Transcribe the data below verbatim from the line with "Pulse Generator2/1 ->" to the line with "IGBT/Diode/LConn1 -- DC". Include both of those lines.

___ INPUT DATA

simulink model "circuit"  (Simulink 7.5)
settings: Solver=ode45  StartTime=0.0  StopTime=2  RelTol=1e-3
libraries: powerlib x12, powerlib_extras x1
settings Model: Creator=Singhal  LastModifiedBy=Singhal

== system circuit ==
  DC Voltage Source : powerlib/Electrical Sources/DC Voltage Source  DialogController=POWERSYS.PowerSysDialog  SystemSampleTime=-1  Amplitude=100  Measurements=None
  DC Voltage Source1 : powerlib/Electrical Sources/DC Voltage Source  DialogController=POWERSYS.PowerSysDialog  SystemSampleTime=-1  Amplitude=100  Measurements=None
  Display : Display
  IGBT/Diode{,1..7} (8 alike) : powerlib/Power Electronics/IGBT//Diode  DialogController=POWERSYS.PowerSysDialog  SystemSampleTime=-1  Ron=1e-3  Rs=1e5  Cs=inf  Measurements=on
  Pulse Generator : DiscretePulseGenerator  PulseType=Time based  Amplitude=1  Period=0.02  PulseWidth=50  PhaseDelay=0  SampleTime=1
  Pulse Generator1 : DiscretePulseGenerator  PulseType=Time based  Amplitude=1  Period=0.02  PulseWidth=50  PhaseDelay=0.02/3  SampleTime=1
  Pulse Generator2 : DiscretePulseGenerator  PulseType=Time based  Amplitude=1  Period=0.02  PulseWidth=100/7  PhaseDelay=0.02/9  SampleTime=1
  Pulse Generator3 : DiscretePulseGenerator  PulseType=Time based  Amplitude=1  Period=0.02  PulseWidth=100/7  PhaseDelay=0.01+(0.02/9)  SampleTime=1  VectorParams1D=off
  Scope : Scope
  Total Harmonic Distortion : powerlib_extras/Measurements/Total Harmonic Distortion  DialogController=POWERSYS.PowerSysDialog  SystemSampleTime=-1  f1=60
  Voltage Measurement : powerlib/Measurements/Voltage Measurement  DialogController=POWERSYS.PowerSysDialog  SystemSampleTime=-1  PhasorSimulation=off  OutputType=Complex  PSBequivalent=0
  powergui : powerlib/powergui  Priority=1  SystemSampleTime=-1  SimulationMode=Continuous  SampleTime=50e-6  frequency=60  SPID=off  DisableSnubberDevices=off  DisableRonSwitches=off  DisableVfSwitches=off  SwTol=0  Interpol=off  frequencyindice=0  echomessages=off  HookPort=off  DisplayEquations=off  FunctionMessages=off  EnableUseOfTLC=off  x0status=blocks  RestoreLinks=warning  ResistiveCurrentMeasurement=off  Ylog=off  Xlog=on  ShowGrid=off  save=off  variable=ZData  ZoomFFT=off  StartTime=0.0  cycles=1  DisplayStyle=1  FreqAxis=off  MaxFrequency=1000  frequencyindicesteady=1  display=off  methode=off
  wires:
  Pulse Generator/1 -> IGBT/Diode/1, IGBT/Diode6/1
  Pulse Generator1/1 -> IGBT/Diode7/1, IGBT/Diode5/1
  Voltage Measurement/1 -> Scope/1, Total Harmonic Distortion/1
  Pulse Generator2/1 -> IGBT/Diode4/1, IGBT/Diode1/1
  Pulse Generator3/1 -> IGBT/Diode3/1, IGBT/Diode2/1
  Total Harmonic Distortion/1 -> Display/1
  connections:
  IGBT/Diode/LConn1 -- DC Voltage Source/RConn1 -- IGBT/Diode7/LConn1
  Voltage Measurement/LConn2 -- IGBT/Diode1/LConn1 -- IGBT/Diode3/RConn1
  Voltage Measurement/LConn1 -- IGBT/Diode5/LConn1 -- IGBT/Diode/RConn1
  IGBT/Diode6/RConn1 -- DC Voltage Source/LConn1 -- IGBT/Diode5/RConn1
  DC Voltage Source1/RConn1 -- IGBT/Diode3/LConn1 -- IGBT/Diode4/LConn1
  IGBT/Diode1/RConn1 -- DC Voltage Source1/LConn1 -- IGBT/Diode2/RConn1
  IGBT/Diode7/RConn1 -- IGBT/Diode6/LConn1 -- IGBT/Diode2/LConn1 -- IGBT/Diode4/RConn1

______

- WRITTEN REPLY:
  Pulse Generator2/1 -> IGBT/Diode4/1, IGBT/Diode1/1
  Pulse Generator3/1 -> IGBT/Diode3/1, IGBT/Diode2/1
  Total Harmonic Distortion/1 -> Display/1
  connections:
  IGBT/Diode/LConn1 -- DC Voltage Source/RConn1 -- IGBT/Diode7/LConn1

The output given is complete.